* What is needed *
From the line with "Body.TimeInfo = tsdata.timemetadata" through the line with "Stimulus.TimeInfo.Length = 101", repeat the entries verbatim, both end lines included, and add nothing.

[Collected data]
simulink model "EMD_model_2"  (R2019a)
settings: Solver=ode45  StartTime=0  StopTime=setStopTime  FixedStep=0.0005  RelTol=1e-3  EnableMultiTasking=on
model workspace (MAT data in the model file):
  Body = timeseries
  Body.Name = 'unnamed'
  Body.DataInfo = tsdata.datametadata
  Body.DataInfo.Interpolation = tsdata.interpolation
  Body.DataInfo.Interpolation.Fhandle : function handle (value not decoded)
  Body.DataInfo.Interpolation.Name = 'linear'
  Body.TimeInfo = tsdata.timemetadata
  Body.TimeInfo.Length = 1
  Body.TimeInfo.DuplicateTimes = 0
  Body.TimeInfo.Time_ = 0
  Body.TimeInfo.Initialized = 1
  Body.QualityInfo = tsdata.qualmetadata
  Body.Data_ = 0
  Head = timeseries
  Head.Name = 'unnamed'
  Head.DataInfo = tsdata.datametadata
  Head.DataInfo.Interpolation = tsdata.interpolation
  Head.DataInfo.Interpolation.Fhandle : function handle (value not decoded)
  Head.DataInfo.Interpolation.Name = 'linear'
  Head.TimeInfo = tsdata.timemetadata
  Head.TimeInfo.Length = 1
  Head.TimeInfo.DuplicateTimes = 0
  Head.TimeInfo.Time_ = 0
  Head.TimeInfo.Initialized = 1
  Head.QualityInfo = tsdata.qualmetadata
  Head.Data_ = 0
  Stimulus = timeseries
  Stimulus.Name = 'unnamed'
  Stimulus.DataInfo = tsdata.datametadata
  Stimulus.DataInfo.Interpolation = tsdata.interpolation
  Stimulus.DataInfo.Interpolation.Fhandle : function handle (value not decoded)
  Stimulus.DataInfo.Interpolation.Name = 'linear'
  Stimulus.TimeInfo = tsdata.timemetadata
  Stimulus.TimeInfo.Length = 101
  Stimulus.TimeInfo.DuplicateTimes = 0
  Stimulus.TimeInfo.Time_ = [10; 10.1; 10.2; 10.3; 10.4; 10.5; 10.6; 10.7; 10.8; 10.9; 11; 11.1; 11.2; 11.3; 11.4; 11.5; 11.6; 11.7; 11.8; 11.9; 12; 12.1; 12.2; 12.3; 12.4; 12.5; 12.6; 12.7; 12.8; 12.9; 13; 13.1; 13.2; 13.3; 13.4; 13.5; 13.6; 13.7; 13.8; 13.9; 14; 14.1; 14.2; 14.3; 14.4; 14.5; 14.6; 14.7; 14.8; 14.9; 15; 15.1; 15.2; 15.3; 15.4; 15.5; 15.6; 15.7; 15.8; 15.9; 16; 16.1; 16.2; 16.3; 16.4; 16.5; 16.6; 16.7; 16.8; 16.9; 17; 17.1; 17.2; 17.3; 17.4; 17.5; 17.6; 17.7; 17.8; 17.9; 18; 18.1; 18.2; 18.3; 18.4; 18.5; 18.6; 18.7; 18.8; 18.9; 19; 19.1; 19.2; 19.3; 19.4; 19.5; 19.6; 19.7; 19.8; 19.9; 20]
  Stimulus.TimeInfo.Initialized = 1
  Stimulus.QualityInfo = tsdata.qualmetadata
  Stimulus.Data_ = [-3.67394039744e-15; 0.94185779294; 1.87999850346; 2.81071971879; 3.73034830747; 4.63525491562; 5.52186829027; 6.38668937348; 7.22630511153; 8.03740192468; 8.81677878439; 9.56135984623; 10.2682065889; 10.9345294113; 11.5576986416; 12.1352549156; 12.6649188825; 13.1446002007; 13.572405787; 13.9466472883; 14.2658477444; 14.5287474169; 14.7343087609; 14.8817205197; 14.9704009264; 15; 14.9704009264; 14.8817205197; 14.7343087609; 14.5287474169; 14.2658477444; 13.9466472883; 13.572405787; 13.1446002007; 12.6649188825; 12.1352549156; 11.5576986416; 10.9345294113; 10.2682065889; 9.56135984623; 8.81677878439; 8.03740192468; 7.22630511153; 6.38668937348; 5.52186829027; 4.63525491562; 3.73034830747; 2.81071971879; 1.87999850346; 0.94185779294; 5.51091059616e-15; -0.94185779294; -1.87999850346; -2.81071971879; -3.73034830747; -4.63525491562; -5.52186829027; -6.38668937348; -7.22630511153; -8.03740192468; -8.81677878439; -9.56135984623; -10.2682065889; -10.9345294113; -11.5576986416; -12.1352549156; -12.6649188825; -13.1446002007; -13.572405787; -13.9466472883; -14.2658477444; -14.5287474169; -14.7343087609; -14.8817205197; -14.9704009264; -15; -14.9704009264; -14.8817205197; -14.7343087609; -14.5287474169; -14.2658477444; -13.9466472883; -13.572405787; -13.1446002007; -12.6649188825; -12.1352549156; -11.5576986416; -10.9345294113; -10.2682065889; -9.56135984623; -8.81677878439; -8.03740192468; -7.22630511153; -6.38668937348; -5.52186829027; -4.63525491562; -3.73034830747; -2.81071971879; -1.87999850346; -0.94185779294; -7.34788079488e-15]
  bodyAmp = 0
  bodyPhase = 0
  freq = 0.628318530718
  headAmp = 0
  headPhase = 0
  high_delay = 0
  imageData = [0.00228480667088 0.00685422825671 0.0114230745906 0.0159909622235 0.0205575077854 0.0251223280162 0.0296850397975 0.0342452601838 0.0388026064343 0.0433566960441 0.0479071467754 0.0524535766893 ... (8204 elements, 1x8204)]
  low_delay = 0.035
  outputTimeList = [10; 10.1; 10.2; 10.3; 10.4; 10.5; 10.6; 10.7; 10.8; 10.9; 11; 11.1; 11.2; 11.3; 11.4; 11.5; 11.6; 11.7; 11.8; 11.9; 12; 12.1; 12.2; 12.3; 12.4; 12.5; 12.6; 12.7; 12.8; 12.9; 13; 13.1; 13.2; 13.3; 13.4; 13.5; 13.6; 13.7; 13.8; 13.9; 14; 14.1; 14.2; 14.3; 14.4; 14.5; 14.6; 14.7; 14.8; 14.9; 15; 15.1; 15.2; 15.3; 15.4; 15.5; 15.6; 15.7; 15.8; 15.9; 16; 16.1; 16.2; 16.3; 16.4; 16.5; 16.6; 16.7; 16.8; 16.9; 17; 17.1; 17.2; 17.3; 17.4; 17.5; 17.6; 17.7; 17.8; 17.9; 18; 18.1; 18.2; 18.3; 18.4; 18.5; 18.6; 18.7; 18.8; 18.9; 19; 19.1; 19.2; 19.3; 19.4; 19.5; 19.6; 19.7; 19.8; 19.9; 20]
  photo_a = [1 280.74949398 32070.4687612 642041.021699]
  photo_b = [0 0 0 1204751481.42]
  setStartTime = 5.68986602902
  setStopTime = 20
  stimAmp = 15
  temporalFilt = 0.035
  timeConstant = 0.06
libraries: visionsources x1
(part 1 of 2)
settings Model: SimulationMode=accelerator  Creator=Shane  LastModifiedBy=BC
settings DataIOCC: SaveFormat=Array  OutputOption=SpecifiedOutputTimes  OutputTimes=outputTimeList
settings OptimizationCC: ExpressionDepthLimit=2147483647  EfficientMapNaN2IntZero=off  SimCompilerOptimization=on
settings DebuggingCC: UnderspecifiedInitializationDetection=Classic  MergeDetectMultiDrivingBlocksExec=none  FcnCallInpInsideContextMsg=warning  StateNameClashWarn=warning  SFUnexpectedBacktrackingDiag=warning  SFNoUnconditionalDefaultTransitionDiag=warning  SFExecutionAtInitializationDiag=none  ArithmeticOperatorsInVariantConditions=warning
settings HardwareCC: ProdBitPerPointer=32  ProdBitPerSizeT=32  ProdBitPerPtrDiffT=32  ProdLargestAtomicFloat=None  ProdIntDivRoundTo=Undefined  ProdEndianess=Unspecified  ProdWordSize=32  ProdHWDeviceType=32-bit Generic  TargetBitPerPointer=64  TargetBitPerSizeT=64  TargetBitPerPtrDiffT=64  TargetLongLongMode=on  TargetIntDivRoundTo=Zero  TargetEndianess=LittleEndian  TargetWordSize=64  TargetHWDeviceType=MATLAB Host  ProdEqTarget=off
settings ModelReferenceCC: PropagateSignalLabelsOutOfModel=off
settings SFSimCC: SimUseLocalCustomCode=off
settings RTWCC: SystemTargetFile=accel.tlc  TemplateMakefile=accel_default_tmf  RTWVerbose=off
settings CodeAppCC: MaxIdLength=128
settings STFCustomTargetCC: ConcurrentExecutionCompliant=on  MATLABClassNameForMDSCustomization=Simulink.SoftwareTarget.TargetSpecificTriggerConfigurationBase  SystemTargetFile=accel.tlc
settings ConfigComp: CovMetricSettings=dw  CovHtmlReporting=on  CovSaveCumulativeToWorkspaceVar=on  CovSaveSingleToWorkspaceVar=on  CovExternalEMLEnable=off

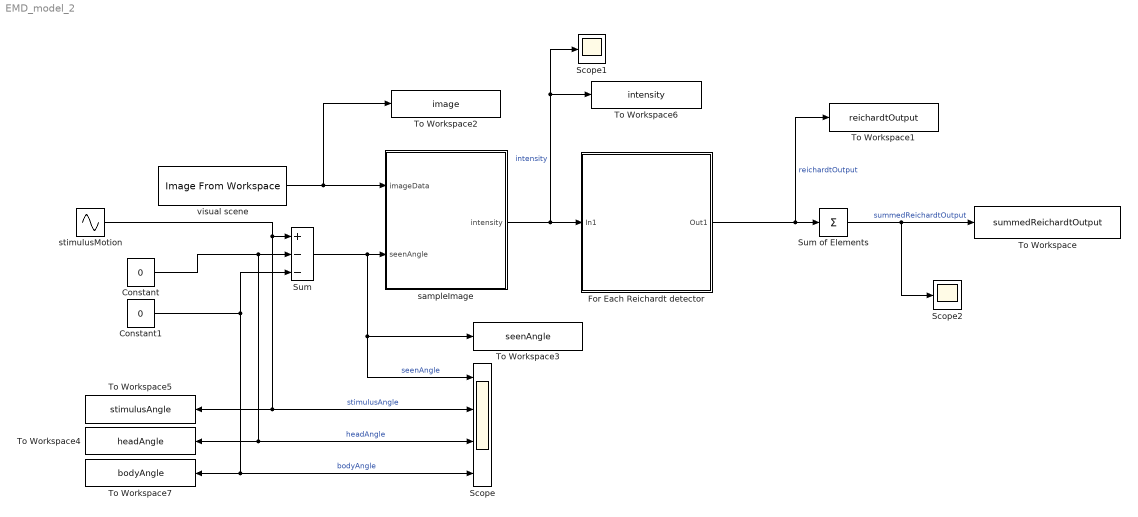
== system EMD_model_2 ==
  Constant : Constant  Value=0
  Constant1 : Constant  Value=0
  For Each Reichardt detector : Subsystem  TreatAsAtomicUnit=on
  Scope : Scope  NumInputPorts=4
  Scope1 : Scope
  Scope2 : Scope
  Sum : Sum  Inputs=+--
  Sum of Elements : Sum  Inputs=+
  To Workspace : ToWorkspace  VariableName=summedReichardtOutput  SaveFormat=Timeseries  SampleTime=-1
  To Workspace1 : ToWorkspace  VariableName=reichardtOutput  SaveFormat=Timeseries  SampleTime=-1
  To Workspace2 : ToWorkspace  VariableName=image  SaveFormat=Timeseries  SampleTime=-1
  To Workspace3 : ToWorkspace  VariableName=seenAngle  SaveFormat=Timeseries  SampleTime=-1
  To Workspace4 : ToWorkspace  VariableName=headAngle  SaveFormat=Timeseries  SampleTime=-1
  To Workspace5 : ToWorkspace  VariableName=stimulusAngle  SaveFormat=Timeseries  SampleTime=-1
  To Workspace6 : ToWorkspace  VariableName=intensity  SaveFormat=Timeseries  SampleTime=-1
  To Workspace7 : ToWorkspace  VariableName=bodyAngle  SaveFormat=Timeseries  SampleTime=-1
  sampleImage : MATLAB Function  TreatAsAtomicUnit=on
  stimulusMotion : Sin  Amplitude=stimAmp  Frequency=freq  SampleTime=0
  visual scene : visionsources/Image From Workspace  Tag=vipblks_nd  ImageValue=imageData  Ts=inf  imagePorts=One multidimensional signal  OutPortLabels=R|G|B  ImageDataType=double  Signed=on  WordLength=16  sdImageDataType=sfix(16)  FractionLengthMode=User-defined  FractionLength=15
      settings: SourceProductName=Computer Vision Toolbox  SourceProductBaseCode=VP
  wires:
  For Each Reichardt detector/1(Out1) -> To Workspace1/1, Sum of Elements/1  "reichardtOutput"
  Sum of Elements/1 -> Scope2/1, To Workspace/1  "summedReichardtOutput"
  sampleImage/1(intensity) -> Scope1/1, To Workspace6/1, For Each Reichardt detector/1(In1)  "intensity"
  visual scene/1 -> To Workspace2/1, sampleImage/1(imageData)
  stimulusMotion/1 -> To Workspace5/1, Scope/2, Sum/1  "stimulusAngle"
  Constant/1 -> To Workspace4/1, Scope/3, Sum/2  "headAngle"
  Sum/1 -> Scope/1, To Workspace3/1, sampleImage/2(seenAngle)  "seenAngle"
  Constant1/1 -> Sum/3, To Workspace7/1, Scope/4  "bodyAngle"

* Exercise solution *
  Body.TimeInfo = tsdata.timemetadata
  Body.TimeInfo.Length = 1
  Body.TimeInfo.DuplicateTimes = 0
  Body.TimeInfo.Time_ = 0
  Body.TimeInfo.Initialized = 1
  Body.QualityInfo = tsdata.qualmetadata
  Body.Data_ = 0
  Head = timeseries
  Head.Name = 'unnamed'
  Head.DataInfo = tsdata.datametadata
  Head.DataInfo.Interpolation = tsdata.interpolation
  Head.DataInfo.Interpolation.Fhandle : function handle (value not decoded)
  Head.DataInfo.Interpolation.Name = 'linear'
  Head.TimeInfo = tsdata.timemetadata
  Head.TimeInfo.Length = 1
  Head.TimeInfo.DuplicateTimes = 0
  Head.TimeInfo.Time_ = 0
  Head.TimeInfo.Initialized = 1
  Head.QualityInfo = tsdata.qualmetadata
  Head.Data_ = 0
  Stimulus = timeseries
  Stimulus.Name = 'unnamed'
  Stimulus.DataInfo = tsdata.datametadata
  Stimulus.DataInfo.Interpolation = tsdata.interpolation
  Stimulus.DataInfo.Interpolation.Fhandle : function handle (value not decoded)
  Stimulus.DataInfo.Interpolation.Name = 'linear'
  Stimulus.TimeInfo = tsdata.timemetadata
  Stimulus.TimeInfo.Length = 101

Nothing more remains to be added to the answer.